- [WHAT IS REQUIRED]
Repeat only these lines, exactly: the first line of the data, the line containing "#1901 = DIRECTION", and every line between them. Pictures stay out.

- [GIVEN DATA]
········

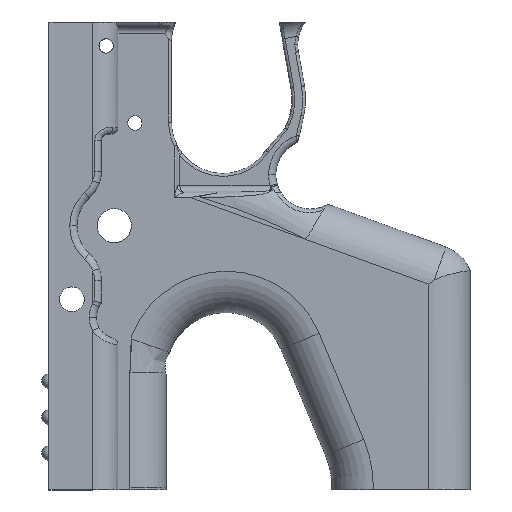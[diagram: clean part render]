
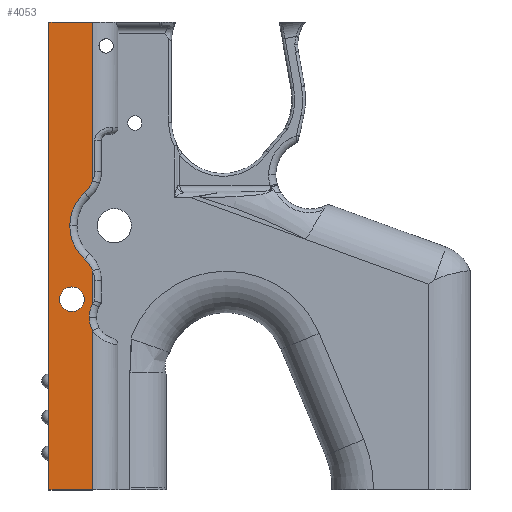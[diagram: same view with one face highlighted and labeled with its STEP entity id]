
A CAD part, left-side view. The second image highlights one B-rep face of the part: STEP entity #4053.
In plain terms, the highlighted planar face has unit normal (-1, 0, 0).
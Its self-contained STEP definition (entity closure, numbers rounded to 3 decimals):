
#133 = AXIS2_PLACEMENT_3D ( 'NONE', #1305, #2947, #9509 ) ;
#200 = CARTESIAN_POINT ( 'NONE',  ( -4.861, 21.06, 4.399 ) ) ;
#363 = CIRCLE ( 'NONE', #2193, 3.429 ) ;
#388 = DIRECTION ( 'NONE',  ( 1., 0., 0. ) ) ;
#475 = CIRCLE ( 'NONE', #3454, 8.01 ) ;
#489 = LINE ( 'NONE', #11656, #13890 ) ;
#1010 = CARTESIAN_POINT ( 'NONE',  ( -4.861, 27.406, 26.011 ) ) ;
#1105 = CARTESIAN_POINT ( 'NONE',  ( -4.861, 33.179, -47.364 ) ) ;
#1185 = EDGE_CURVE ( 'NONE', #3808, #7205, #6719, .T. ) ;
#1246 = EDGE_CURVE ( 'NONE', #3475, #3808, #5778, .T. ) ;
#1305 = CARTESIAN_POINT ( 'NONE',  ( -4.861, 14.002, 0.611 ) ) ;
#1345 = DIRECTION ( 'NONE',  ( 1., 0., 0. ) ) ;
#1443 = VERTEX_POINT ( 'NONE', #1010 ) ;
#1475 = CARTESIAN_POINT ( 'NONE',  ( -4.861, 21.06, 38.582 ) ) ;
#1516 = VECTOR ( 'NONE', #4124, 1000. ) ;
#1579 = ORIENTED_EDGE ( 'NONE', *, *, #12200, .T. ) ;
#1607 = EDGE_CURVE ( 'NONE', #2311, #8276, #475, .T. ) ;
#1901 = DIRECTION ( 'NONE',  ( 1., 0., 0. ) ) ;
#2008 = CARTESIAN_POINT ( 'NONE',  ( -4.861, 28.625, 41.182 ) ) ;
#2191 = AXIS2_PLACEMENT_3D ( 'NONE', #6375, #1901, #6151 ) ;
#2193 = AXIS2_PLACEMENT_3D ( 'NONE', #6734, #12018, #3282 ) ;
#2227 = ORIENTED_EDGE ( 'NONE', *, *, #5710, .F. ) ;
#2311 = VERTEX_POINT ( 'NONE', #7631 ) ;
#2360 = EDGE_LOOP ( 'NONE', ( #8063, #9011 ) ) ;
#2478 = CARTESIAN_POINT ( 'NONE',  ( -4.861, 21.06, 38.582 ) ) ;
#2539 = ORIENTED_EDGE ( 'NONE', *, *, #13075, .T. ) ;
#2675 = DIRECTION ( 'NONE',  ( -1., 0., 0. ) ) ;
#2704 = CARTESIAN_POINT ( 'NONE',  ( -4.861, 21.06, 4.399 ) ) ;
#2730 = VERTEX_POINT ( 'NONE', #11275 ) ;
#2786 = CARTESIAN_POINT ( 'NONE',  ( -4.861, 23.289, 35.222 ) ) ;
#2947 = DIRECTION ( 'NONE',  ( 1., 0., 0. ) ) ;
#2993 = ORIENTED_EDGE ( 'NONE', *, *, #1607, .T. ) ;
#3002 = EDGE_CURVE ( 'NONE', #14229, #3475, #8635, .T. ) ;
#3149 = EDGE_LOOP ( 'NONE', ( #13709, #1579, #12500, #12974, #5542, #12341, #2227, #2539, #2993, #9169, #9874, #6386 ) ) ;
#3282 = DIRECTION ( 'NONE',  ( 0., 0., 1. ) ) ;
#3344 = EDGE_CURVE ( 'NONE', #11881, #11684, #9565, .T. ) ;
#3454 = AXIS2_PLACEMENT_3D ( 'NONE', #12385, #1345, #4576 ) ;
#3475 = VERTEX_POINT ( 'NONE', #1475 ) ;
#3504 = FACE_OUTER_BOUND ( 'NONE', #3149, .T. ) ;
#3559 = CIRCLE ( 'NONE', #5397, 12.362 ) ;
#3808 = VERTEX_POINT ( 'NONE', #8353 ) ;
#3826 = CARTESIAN_POINT ( 'NONE',  ( -4.861, 28.625, 10.839 ) ) ;
#4014 = AXIS2_PLACEMENT_3D ( 'NONE', #3826, #2675, #11473 ) ;
#4053 = ADVANCED_FACE ( 'NONE', ( #3504, #7907 ), #7698, .T. ) ;
#4124 = DIRECTION ( 'NONE',  ( 0., 0., 1. ) ) ;
#4339 = LINE ( 'NONE', #8742, #1516 ) ;
#4377 = VECTOR ( 'NONE', #13441, 1000. ) ;
#4576 = DIRECTION ( 'NONE',  ( 0., 1., 0. ) ) ;
#4721 = AXIS2_PLACEMENT_3D ( 'NONE', #7886, #12229, #8973 ) ;
#5237 = EDGE_CURVE ( 'NONE', #8276, #7000, #10262, .T. ) ;
#5397 = AXIS2_PLACEMENT_3D ( 'NONE', #8305, #388, #8087 ) ;
#5523 = DIRECTION ( 'NONE',  ( -1., 0., 0. ) ) ;
#5542 = ORIENTED_EDGE ( 'NONE', *, *, #1185, .T. ) ;
#5610 = CARTESIAN_POINT ( 'NONE',  ( -4.861, 33.179, 82.636 ) ) ;
#5710 = EDGE_CURVE ( 'NONE', #2730, #6403, #12751, .T. ) ;
#5778 = LINE ( 'NONE', #2478, #4377 ) ;
#6097 = EDGE_CURVE ( 'NONE', #7000, #13912, #7015, .T. ) ;
#6151 = DIRECTION ( 'NONE',  ( 0., 1., 0. ) ) ;
#6375 = CARTESIAN_POINT ( 'NONE',  ( -4.861, 15.044, 26.011 ) ) ;
#6386 = ORIENTED_EDGE ( 'NONE', *, *, #11202, .T. ) ;
#6400 = DIRECTION ( 'NONE',  ( -1., 0., 0. ) ) ;
#6403 = VERTEX_POINT ( 'NONE', #1105 ) ;
#6719 = LINE ( 'NONE', #13165, #10598 ) ;
#6734 = CARTESIAN_POINT ( 'NONE',  ( -4.861, 26.817, 5.614 ) ) ;
#6994 = CARTESIAN_POINT ( 'NONE',  ( -4.861, 21.06, 13.44 ) ) ;
#7000 = VERTEX_POINT ( 'NONE', #200 ) ;
#7015 = LINE ( 'NONE', #2704, #10465 ) ;
#7205 = VERTEX_POINT ( 'NONE', #5610 ) ;
#7631 = CARTESIAN_POINT ( 'NONE',  ( -4.861, 21.06, -3.178 ) ) ;
#7657 = EDGE_CURVE ( 'NONE', #8162, #1443, #10482, .T. ) ;
#7698 = PLANE ( 'NONE',  #10499 ) ;
#7886 = CARTESIAN_POINT ( 'NONE',  ( -4.861, 26.817, 5.614 ) ) ;
#7907 = FACE_BOUND ( 'NONE', #2360, .T. ) ;
#8063 = ORIENTED_EDGE ( 'NONE', *, *, #3344, .F. ) ;
#8087 = DIRECTION ( 'NONE',  ( 0., 1., 0. ) ) ;
#8162 = VERTEX_POINT ( 'NONE', #12139 ) ;
#8276 = VERTEX_POINT ( 'NONE', #10736 ) ;
#8305 = CARTESIAN_POINT ( 'NONE',  ( -4.861, 15.044, 26.011 ) ) ;
#8353 = CARTESIAN_POINT ( 'NONE',  ( -4.861, 21.06, 82.636 ) ) ;
#8378 = CARTESIAN_POINT ( 'NONE',  ( -4.861, 30.246, 5.614 ) ) ;
#8635 = CIRCLE ( 'NONE', #10953, 8. ) ;
#8742 = CARTESIAN_POINT ( 'NONE',  ( -4.861, 21.06, -47.364 ) ) ;
#8819 = DIRECTION ( 'NONE',  ( 0., 1., 0. ) ) ;
#8973 = DIRECTION ( 'NONE',  ( 0., 0., 1. ) ) ;
#9011 = ORIENTED_EDGE ( 'NONE', *, *, #10184, .F. ) ;
#9124 = DIRECTION ( 'NONE',  ( 0., 0., 1. ) ) ;
#9169 = ORIENTED_EDGE ( 'NONE', *, *, #5237, .T. ) ;
#9509 = DIRECTION ( 'NONE',  ( 0., 1., 0. ) ) ;
#9565 = CIRCLE ( 'NONE', #4721, 3.429 ) ;
#9874 = ORIENTED_EDGE ( 'NONE', *, *, #6097, .T. ) ;
#10184 = EDGE_CURVE ( 'NONE', #11684, #11881, #363, .T. ) ;
#10262 = CIRCLE ( 'NONE', #133, 8.01 ) ;
#10445 = DIRECTION ( 'NONE',  ( 0., 1., 0. ) ) ;
#10465 = VECTOR ( 'NONE', #9124, 1000. ) ;
#10482 = CIRCLE ( 'NONE', #2191, 12.362 ) ;
#10499 = AXIS2_PLACEMENT_3D ( 'NONE', #12110, #5523, #11093 ) ;
#10598 = VECTOR ( 'NONE', #8819, 1000. ) ;
#10736 = CARTESIAN_POINT ( 'NONE',  ( -4.861, 22.012, 0.611 ) ) ;
#10953 = AXIS2_PLACEMENT_3D ( 'NONE', #2008, #6400, #11743 ) ;
#11093 = DIRECTION ( 'NONE',  ( 0., 0., 1. ) ) ;
#11202 = EDGE_CURVE ( 'NONE', #13912, #8162, #14164, .T. ) ;
#11275 = CARTESIAN_POINT ( 'NONE',  ( -4.861, 21.06, -47.364 ) ) ;
#11473 = DIRECTION ( 'NONE',  ( 0., 1., 0. ) ) ;
#11656 = CARTESIAN_POINT ( 'NONE',  ( -4.861, 33.179, 167.539 ) ) ;
#11684 = VERTEX_POINT ( 'NONE', #13232 ) ;
#11738 = CARTESIAN_POINT ( 'NONE',  ( -4.861, 0., -47.364 ) ) ;
#11743 = DIRECTION ( 'NONE',  ( 0., 1., 0. ) ) ;
#11881 = VERTEX_POINT ( 'NONE', #8378 ) ;
#12018 = DIRECTION ( 'NONE',  ( -1., 0., 0. ) ) ;
#12110 = CARTESIAN_POINT ( 'NONE',  ( -4.861, 21.06, 146.035 ) ) ;
#12139 = CARTESIAN_POINT ( 'NONE',  ( -4.861, 23.289, 16.8 ) ) ;
#12200 = EDGE_CURVE ( 'NONE', #1443, #14229, #3559, .T. ) ;
#12229 = DIRECTION ( 'NONE',  ( -1., 0., 0. ) ) ;
#12341 = ORIENTED_EDGE ( 'NONE', *, *, #14207, .F. ) ;
#12385 = CARTESIAN_POINT ( 'NONE',  ( -4.861, 14.002, 0.611 ) ) ;
#12500 = ORIENTED_EDGE ( 'NONE', *, *, #3002, .T. ) ;
#12751 = LINE ( 'NONE', #11738, #13037 ) ;
#12974 = ORIENTED_EDGE ( 'NONE', *, *, #1246, .T. ) ;
#13037 = VECTOR ( 'NONE', #10445, 1000. ) ;
#13075 = EDGE_CURVE ( 'NONE', #2730, #2311, #4339, .T. ) ;
#13165 = CARTESIAN_POINT ( 'NONE',  ( -4.861, 21.06, 82.636 ) ) ;
#13232 = CARTESIAN_POINT ( 'NONE',  ( -4.861, 23.388, 5.614 ) ) ;
#13441 = DIRECTION ( 'NONE',  ( 0., 0., 1. ) ) ;
#13678 = DIRECTION ( 'NONE',  ( 0., 0., 1. ) ) ;
#13709 = ORIENTED_EDGE ( 'NONE', *, *, #7657, .T. ) ;
#13890 = VECTOR ( 'NONE', #13678, 1000. ) ;
#13912 = VERTEX_POINT ( 'NONE', #6994 ) ;
#14164 = CIRCLE ( 'NONE', #4014, 8. ) ;
#14207 = EDGE_CURVE ( 'NONE', #6403, #7205, #489, .T. ) ;
#14229 = VERTEX_POINT ( 'NONE', #2786 ) ;

········

- [SOLVED EXERCISE]
[diagram: clean part render]
[diagram: same view with one face highlighted and labeled with its STEP entity id]
A CAD part, left-side view. The second image highlights one B-rep face of the part: STEP entity #4053.
In plain terms, the highlighted planar face has unit normal (-1, 0, 0).
Its self-contained STEP definition (entity closure, numbers rounded to 3 decimals):
#133 = AXIS2_PLACEMENT_3D ( 'NONE', #1305, #2947, #9509 ) ;
#200 = CARTESIAN_POINT ( 'NONE',  ( -4.861, 21.06, 4.399 ) ) ;
#363 = CIRCLE ( 'NONE', #2193, 3.429 ) ;
#388 = DIRECTION ( 'NONE',  ( 1., 0., 0. ) ) ;
#475 = CIRCLE ( 'NONE', #3454, 8.01 ) ;
#489 = LINE ( 'NONE', #11656, #13890 ) ;
#1010 = CARTESIAN_POINT ( 'NONE',  ( -4.861, 27.406, 26.011 ) ) ;
#1105 = CARTESIAN_POINT ( 'NONE',  ( -4.861, 33.179, -47.364 ) ) ;
#1185 = EDGE_CURVE ( 'NONE', #3808, #7205, #6719, .T. ) ;
#1246 = EDGE_CURVE ( 'NONE', #3475, #3808, #5778, .T. ) ;
#1305 = CARTESIAN_POINT ( 'NONE',  ( -4.861, 14.002, 0.611 ) ) ;
#1345 = DIRECTION ( 'NONE',  ( 1., 0., 0. ) ) ;
#1443 = VERTEX_POINT ( 'NONE', #1010 ) ;
#1475 = CARTESIAN_POINT ( 'NONE',  ( -4.861, 21.06, 38.582 ) ) ;
#1516 = VECTOR ( 'NONE', #4124, 1000. ) ;
#1579 = ORIENTED_EDGE ( 'NONE', *, *, #12200, .T. ) ;
#1607 = EDGE_CURVE ( 'NONE', #2311, #8276, #475, .T. ) ;
#1901 = DIRECTION ( 'NONE',  ( 1., 0., 0. ) ) ;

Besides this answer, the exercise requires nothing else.